Mythos "Frauen und Kinder zuerst" ist falsch: Bei Schiffsunglücken ist sich jeder selbst der Nächste

Von Nicole Freialdenhoven
2. August 2012

Seit dem Untergang der Titanic hat sich das Bild der großherzigen Männer eingeprägt, die in höchster Not Frauen und Kindern die Rettungsboote überlassen, auch wenn es sie das Leben kostet. Einer Studie zufolge war die Titanic-Katastrophe jedoch eher die Ausnahme als die Regel: Bei den meisten Schiffsunglücken denken Passagiere und Crew nur an die eigene Haut. So war dann auch die Empörung über den Kapitän der Costa Concordia, der früh das sinkende Schiff verließ, nicht unbedingt gerechtfertigt, denn die meisten Kollegen halten es ähnlich.
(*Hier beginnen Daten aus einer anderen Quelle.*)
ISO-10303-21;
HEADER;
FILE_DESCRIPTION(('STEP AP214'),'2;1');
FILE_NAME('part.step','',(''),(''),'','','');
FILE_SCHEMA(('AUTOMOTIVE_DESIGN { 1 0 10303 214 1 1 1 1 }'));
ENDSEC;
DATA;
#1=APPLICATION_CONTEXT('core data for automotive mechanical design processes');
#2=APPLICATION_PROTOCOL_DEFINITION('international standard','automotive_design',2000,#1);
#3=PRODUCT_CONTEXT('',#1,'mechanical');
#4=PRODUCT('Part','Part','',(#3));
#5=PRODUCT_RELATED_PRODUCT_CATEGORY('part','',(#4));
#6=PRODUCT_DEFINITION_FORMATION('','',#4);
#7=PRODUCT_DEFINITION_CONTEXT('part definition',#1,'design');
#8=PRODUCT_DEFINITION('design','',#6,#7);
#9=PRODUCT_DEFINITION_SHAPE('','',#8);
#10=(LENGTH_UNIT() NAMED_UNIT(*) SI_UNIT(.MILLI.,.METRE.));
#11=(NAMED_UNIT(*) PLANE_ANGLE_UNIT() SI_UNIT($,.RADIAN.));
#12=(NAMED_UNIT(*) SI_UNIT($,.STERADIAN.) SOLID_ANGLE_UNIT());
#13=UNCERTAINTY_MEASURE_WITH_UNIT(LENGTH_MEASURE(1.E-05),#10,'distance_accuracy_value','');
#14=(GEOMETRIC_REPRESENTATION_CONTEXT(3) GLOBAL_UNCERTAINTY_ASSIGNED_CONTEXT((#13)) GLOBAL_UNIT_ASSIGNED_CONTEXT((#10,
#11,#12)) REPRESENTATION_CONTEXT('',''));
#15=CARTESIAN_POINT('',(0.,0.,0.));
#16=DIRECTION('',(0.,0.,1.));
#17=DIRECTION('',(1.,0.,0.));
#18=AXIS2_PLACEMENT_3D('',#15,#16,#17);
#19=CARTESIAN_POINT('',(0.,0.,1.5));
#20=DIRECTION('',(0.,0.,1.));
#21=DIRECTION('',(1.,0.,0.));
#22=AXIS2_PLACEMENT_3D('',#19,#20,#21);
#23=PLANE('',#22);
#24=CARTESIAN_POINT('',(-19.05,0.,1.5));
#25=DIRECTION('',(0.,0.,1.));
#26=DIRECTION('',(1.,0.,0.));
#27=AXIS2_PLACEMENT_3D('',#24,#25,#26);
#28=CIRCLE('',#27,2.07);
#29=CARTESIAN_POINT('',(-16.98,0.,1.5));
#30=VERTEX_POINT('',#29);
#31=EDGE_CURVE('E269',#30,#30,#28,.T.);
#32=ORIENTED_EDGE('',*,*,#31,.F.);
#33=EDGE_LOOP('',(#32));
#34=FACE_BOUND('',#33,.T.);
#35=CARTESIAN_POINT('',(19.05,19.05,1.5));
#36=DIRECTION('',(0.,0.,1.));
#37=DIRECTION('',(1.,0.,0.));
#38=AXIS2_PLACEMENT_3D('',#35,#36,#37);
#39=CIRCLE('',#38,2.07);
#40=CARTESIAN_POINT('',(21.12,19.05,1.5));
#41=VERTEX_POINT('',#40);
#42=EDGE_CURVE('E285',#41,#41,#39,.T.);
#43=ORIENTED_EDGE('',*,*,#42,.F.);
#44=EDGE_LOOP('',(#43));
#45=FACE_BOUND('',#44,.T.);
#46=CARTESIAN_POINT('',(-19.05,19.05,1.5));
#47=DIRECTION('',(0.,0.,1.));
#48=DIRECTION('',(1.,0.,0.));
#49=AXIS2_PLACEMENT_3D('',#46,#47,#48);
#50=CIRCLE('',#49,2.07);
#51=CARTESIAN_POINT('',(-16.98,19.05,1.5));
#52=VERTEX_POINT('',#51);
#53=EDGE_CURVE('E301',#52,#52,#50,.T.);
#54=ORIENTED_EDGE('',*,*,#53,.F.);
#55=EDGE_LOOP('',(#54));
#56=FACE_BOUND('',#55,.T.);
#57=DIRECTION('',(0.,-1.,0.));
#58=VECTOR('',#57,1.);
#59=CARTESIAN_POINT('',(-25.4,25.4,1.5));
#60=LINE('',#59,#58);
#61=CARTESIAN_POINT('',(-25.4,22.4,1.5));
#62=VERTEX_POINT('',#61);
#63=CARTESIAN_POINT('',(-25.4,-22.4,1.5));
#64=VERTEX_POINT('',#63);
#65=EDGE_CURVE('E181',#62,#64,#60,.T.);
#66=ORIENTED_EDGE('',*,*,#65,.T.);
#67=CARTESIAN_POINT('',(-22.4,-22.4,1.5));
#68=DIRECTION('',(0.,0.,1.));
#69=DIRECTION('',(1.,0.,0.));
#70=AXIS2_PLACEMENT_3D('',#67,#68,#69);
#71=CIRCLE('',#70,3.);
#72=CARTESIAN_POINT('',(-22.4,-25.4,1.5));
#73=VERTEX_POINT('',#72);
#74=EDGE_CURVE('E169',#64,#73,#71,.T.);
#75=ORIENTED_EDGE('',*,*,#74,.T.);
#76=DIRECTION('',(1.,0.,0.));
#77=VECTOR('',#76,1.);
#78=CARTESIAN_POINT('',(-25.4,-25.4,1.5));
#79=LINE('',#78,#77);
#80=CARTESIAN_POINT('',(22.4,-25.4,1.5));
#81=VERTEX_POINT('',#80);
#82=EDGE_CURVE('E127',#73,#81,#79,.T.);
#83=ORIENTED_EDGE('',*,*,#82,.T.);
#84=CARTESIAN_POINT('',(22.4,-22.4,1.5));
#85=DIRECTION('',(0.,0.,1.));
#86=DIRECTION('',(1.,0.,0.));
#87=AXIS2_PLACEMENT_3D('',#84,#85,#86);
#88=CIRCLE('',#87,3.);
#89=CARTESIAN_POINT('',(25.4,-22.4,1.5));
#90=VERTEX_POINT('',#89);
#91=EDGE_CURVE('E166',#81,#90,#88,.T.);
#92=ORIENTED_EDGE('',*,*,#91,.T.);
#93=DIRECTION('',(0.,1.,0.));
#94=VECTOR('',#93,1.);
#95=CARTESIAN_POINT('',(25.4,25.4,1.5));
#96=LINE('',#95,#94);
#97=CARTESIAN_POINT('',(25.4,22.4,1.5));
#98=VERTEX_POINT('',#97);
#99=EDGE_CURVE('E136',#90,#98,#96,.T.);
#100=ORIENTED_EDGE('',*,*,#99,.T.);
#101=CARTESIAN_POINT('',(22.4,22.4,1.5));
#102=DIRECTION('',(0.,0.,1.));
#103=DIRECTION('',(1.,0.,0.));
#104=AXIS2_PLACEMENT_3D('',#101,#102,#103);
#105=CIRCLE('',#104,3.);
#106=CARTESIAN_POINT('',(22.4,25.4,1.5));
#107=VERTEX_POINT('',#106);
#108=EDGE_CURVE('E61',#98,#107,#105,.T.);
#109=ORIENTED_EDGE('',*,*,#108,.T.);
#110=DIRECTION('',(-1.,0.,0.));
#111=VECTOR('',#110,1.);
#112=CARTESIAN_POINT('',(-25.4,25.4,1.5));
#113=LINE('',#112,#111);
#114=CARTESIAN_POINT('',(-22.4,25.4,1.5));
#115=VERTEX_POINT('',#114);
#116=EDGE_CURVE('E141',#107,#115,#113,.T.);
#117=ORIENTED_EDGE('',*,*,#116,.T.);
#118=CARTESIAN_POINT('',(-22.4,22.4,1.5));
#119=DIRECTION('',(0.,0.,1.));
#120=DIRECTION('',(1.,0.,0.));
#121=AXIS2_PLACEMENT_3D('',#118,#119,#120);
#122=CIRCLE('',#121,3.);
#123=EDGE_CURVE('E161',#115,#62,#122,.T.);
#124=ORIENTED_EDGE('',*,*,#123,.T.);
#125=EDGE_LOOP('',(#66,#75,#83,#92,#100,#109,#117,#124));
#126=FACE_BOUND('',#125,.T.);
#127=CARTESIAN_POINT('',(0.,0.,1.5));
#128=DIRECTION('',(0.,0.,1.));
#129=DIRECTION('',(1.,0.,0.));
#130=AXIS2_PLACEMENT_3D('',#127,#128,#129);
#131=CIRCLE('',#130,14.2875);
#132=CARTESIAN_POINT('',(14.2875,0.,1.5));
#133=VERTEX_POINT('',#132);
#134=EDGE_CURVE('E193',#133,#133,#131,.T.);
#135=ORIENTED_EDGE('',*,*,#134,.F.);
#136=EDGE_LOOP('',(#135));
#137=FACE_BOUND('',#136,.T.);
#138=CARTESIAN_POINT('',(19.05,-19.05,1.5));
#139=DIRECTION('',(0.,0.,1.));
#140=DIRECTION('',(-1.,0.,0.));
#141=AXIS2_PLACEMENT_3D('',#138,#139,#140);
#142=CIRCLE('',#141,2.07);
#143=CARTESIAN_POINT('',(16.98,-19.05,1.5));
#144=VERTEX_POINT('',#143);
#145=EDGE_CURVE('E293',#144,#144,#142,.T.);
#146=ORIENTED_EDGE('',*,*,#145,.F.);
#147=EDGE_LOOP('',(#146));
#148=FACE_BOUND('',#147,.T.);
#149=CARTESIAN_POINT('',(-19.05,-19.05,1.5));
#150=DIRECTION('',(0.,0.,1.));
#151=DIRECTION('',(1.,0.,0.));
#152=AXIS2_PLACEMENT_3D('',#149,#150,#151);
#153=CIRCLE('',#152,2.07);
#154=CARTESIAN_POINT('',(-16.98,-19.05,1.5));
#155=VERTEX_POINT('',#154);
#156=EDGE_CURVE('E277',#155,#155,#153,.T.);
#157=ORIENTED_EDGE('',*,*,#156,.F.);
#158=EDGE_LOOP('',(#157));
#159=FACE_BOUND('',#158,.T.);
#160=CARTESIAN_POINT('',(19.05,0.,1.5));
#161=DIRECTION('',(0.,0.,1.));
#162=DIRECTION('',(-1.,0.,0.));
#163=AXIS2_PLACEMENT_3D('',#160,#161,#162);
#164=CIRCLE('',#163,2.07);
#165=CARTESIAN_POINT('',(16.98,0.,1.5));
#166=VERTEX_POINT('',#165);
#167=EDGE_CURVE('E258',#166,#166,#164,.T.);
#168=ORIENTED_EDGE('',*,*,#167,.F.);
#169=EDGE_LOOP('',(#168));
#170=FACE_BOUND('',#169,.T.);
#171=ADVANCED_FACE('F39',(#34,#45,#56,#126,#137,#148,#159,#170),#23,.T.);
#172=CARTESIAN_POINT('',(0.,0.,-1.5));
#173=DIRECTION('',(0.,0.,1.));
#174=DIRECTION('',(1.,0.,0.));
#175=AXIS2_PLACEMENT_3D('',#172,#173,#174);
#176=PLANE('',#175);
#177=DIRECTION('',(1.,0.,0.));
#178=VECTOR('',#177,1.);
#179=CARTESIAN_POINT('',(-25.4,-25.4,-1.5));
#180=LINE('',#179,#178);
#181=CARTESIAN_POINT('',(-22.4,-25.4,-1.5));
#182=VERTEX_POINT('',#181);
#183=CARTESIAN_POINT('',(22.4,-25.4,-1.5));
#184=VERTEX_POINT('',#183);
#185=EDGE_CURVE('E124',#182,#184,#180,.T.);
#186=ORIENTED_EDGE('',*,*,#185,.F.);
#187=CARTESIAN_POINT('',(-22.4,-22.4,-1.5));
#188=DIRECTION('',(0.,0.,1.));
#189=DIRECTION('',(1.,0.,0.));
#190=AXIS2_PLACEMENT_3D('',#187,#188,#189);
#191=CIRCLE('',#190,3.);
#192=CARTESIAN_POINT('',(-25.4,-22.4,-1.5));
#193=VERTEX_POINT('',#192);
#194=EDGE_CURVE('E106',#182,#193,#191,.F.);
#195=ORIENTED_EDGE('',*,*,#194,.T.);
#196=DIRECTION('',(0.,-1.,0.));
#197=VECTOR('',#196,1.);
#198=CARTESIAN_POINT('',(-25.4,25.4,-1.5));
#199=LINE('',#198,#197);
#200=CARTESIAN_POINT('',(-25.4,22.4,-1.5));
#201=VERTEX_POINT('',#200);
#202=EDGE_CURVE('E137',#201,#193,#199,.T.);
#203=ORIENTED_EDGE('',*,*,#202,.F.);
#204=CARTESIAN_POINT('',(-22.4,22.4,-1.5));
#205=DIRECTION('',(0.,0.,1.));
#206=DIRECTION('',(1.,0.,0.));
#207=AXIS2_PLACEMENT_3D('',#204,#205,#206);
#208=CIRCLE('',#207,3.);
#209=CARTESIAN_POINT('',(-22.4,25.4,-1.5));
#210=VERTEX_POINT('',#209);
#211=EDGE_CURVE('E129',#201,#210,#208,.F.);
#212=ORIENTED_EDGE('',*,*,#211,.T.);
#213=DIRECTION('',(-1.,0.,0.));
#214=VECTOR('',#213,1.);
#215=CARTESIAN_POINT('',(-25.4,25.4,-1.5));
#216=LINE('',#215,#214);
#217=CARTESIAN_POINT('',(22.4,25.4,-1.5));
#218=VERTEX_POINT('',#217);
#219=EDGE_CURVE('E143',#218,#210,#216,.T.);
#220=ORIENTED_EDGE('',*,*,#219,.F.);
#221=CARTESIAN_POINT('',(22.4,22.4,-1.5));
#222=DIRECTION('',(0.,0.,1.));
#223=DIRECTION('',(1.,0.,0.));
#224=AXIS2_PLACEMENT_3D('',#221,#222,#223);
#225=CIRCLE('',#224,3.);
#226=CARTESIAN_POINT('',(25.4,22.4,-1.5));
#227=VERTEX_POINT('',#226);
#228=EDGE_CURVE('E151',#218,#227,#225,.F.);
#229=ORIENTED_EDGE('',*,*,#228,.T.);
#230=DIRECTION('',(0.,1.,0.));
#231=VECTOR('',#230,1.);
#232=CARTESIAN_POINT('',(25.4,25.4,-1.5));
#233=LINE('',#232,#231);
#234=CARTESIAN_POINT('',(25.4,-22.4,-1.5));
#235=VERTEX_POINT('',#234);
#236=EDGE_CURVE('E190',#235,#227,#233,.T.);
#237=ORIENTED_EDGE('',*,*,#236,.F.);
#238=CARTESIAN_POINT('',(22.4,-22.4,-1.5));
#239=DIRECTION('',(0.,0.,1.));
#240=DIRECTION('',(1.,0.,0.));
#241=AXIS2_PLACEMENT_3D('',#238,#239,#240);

Bei der Studie der Universität Uppsala in Schweden wurden die Daten von 18 Schiffsunglücken der letzten 100 Jahre ausgewertet. Dabei stellte sich heraus, dass nur in der Hälfte der Fälle der Kapitän mit seinem Schiff unterging - die anderen hatten sich alle früh aus dem Staub gemacht. Auch die Besatzung hatte gewöhnlich größere Überlebenschancen, weil sie mit Schiff und Notfallmaßnahmen besser vertraut waren.

Deutlich waren auch die Ergebnisse, was Frauen und Kinder anging: Lediglich in 5 von 18 Fällen wurde das Kommando "Frauen und Kinder zuerst" überhaupt erteilt und nur zweimal (darunter beim Untergang der Titanic) überlebten mehr Frauen als Männer. Positiv sei jedoch zu vermerken gewesen, dass die Überlebenschancen der Frauen nach dem 1. Weltkrieg kontinuierlich anstiegen: Die Forscher führten dies auf die Emanzipation und die größere Selbständigkeit der Frauen zurück, sowie über ihr gestiegendes soziales Ansehen.